Because the proxy routes to a vLLM backend rather than OpenAI's own service, there are inherent differences between the two:

* **Tokenization**, Token counts may differ from OpenAI models because vLLM uses the tokenizer bundled with the open-source model (e.g., Qwen, Llama). This can affect billing estimates and `max_tokens` behavior.
* **Streaming chunk boundaries**, While the proxy uses the same Server-Sent Events (SSE) format, the exact boundaries of streamed chunks may differ. Some chunks may contain empty strings when chunked prefill is enabled.
* **Tool / function calling**, Tool calling is supported on models that are fine-tuned for it, but behavior may differ from OpenAI's implementation. The `parallel_tool_calls` parameter is not supported. See the [vLLM template documentation](/guides/serverless/vllm) for details.
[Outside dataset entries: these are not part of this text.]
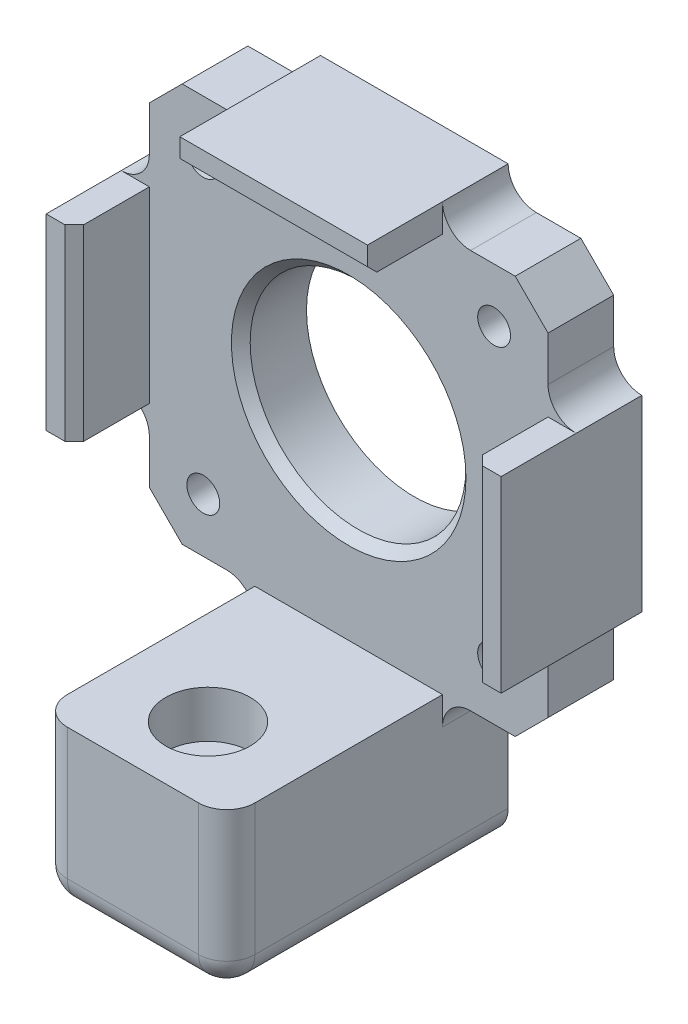
SolidWorks part; units mm, degrees
ref_plane "Plan de face" through (0, 0, 0) normal (0, 0, 1) x (1, 0, 0)
ref_plane "Plan de dessus" through (0, 0, 0) normal (0, 1, 0) x (1, 0, 0)
ref_plane "Plan de droite" through (0, 0, 0) normal (1, 0, 0) x (0, 0, -1)
sketch "Esquisse1" plane through (0, 0, 0) normal (0, 0, 1) x (1, 0, 0)
  line L0 (-17.75, 21.25) -> (-21.25, 17.75)
  line L1 (17.75, 21.25) -> (-17.75, 21.25)
  line L2 (21.25, 17.75) -> (21.25, -17.75)
  line L4 (-21.25, 17.75) -> (-21.25, -17.75)
  line L5 (21.25, 21.25) -> (-21.25, -21.25) construction
  line L6 (21.25, -21.25) -> (-21.25, 21.25) construction
  line L7 (21.25, 17.75) -> (17.75, 21.25)
  line L8 (-17.75, -21.25) -> (-21.25, -17.75)
  line L9 (21.25, -17.75) -> (17.75, -21.25)
  line L10 (-17.75, -21.25) -> (17.75, -21.25)
  line L13 (15.5, 15.5) -> (-15.5, 15.5) construction
  line L14 (15.5, 15.5) -> (15.5, -15.5) construction
  line L15 (15.5, -15.5) -> (-15.5, -15.5) construction
  line L16 (-15.5, 15.5) -> (-15.5, -15.5) construction
  line L17 (15.5, 15.5) -> (-15.5, -15.5) construction
  line L18 (15.5, -15.5) -> (-15.5, 15.5) construction
  line L19 (0, 37.3199) -> (0, -37.3199) construction
  line L20 (-53.6764, 0) -> (53.6764, 0) construction
  circle A0 centre (0, 0) radius 11.5
  circle A1 centre (-15.5, 15.5) radius 1.75
  circle A2 centre (15.5, 15.5) radius 1.75
  circle A3 centre (15.5, -15.5) radius 1.75
  circle A4 centre (-15.5, -15.5) radius 1.75
  point P0 (0, 0)
  point P24 (-21.25, 0)
  dimension "D3" = 23
  dimension "D4" = 3.5
  dimension "D2" = 42.5
  dimension "D5" = 42.5
  dimension "D10" = 21.25
  dimension "D18" = 31
  dimension "D19" = 31
extrude "Boss.-Extru.1" add sketch "Esquisse1" along normal blind 7
sketch "Esquisse2" plane through (0, 0, 0) normal (0, 0, -1) x (-1, 0, 0)
  line L0 (-17.75, 21.25) -> (17.75, 21.25) construction
  line L1 (-10, 21.25) -> (10, 21.25)
  line L2 (-10, 21.25) -> (-10, 24.25)
  line L3 (-10, 24.25) -> (10, 24.25)
  line L4 (10, 21.25) -> (10, 24.25)
  line L5 (24.25, 10) -> (24.25, -10)
  line L6 (21.25, -10) -> (24.25, -10)
  line L7 (21.25, 10) -> (24.25, 10)
  line L8 (21.25, 10) -> (21.25, -10)
  line L13 (-24.25, -10) -> (-24.25, 10)
  line L14 (-21.25, 10) -> (-24.25, 10)
  line L15 (-21.25, -10) -> (-24.25, -10)
  line L16 (-21.25, -10) -> (-21.25, 10)
  line L17 (10, -21.25) -> (-10, -21.25) [skipped]
  line L18 (10, -24.25) -> (-10, -24.25) [skipped]
  line L19 (10, -21.25) -> (10, -24.25) [skipped]
  line L20 (-10, -21.25) -> (-10, -24.25) [skipped]
  line L21 (-21.25, -17.75) -> (-21.25, 17.75) construction
  line L22 (21.25, 17.75) -> (21.25, -17.75) construction
  point P6 (0, 24.25)
  point P23 (0, 0)
  dimension "D1" = 20
  dimension "D2" = 3
  dimension "D3" = 4
extrude "Boss.-Extru.2" add sketch "Esquisse2" against normal blind 15
sketch "Esquisse3" plane through (0, 0, 0) normal (0, 0, -1) x (-1, 0, 0)
  line L1 (-10, -21.25) -> (10, -21.25)
  line L2 (-10, -21.25) -> (-10, -38.25)
  line L3 (-10, -38.25) -> (10, -38.25)
  line L4 (10, -21.25) -> (10, -38.25)
  line L5 (17.75, -21.25) -> (-17.75, -21.25) construction
  point P6 (0, -38.25)
  dimension "D1" = 20
  dimension "D2" = 17
extrude "Boss.-Extru.3" add sketch "Esquisse3" against normal blind 30
sketch "Esquisse4" plane through (0, -21.25, 0) normal (0, 1, 0) x (1, 0, 0)
  line L0 (-10, -30) -> (10, -30) construction
  circle A0 centre (0, -22) radius 2.5
  point P5 (0, -30)
  dimension "D1" = 5
  dimension "D2" = 8
extrude "Enlèv. mat.-Extru.1" cut sketch "Esquisse4" against normal through all
sketch "Esquisse5" plane through (0, -21.25, 0) normal (0, 1, 0) x (1, 0, 0)
  circle A0 centre (0, -22) radius 4.5
  circle A1 centre (0, -22) radius 2.5 construction
  dimension "D1" = 9
extrude "Enlèv. mat.-Extru.2" cut sketch "Esquisse5" against normal blind 5
sketch "Esquisse6" plane through (0, -38.25, 0) normal (0, -1, 0) x (-1, 0, 0)
  line L0 (3.0104, -19) -> (-3.0104, -19)
  arc A0 (-3.0104, -19) -> (3.0104, -19) centre (0, -22) ccw
  dimension "D1" = 8.5
  dimension "D2" = 3
extrude "Enlèv. mat.-Extru.3" cut sketch "Esquisse6" against normal blind 10
fillet "Congé1" radius 3 10 edges at (-21.25, -10, 3.5) (-21.25, 10, 3.5) (-10, 21.25, 3.5) (10, 21.25, 3.5) (21.25, 10, 3.5) (21.25, -10, 3.5) (-10, -38.25, 15) (10, -38.25, 15) (10, -21.25, 3.5) (-10, -21.25, 3.5)
fillet "Congé2" radius 3 5 edges at (10, -28.25, 30) (9.1213, -37.3713, 30) (0, -38.25, 30) (-9.1213, -37.3713, 30) (-10, -28.25, 30)
chamfer "Chanfrein1" distance 1 angle 45 4 edges at (11.5, 0, 7) (21.25, 0, 15) (0, 21.25, 15) (-21.25, 0, 15)

* **Unsupported parameters**, The following request parameters are accepted but ignored: `user`, `suffix`, and `image_url.detail`.
* **Response fields**, vLLM may return additional fields not present in the OpenAI specification (e.g., `kv_transfer_params`). Standard OpenAI client libraries will safely ignore these.
* **Moderation**, No content moderation layer is applied. OpenAI's `/v1/moderations` endpoint is not available.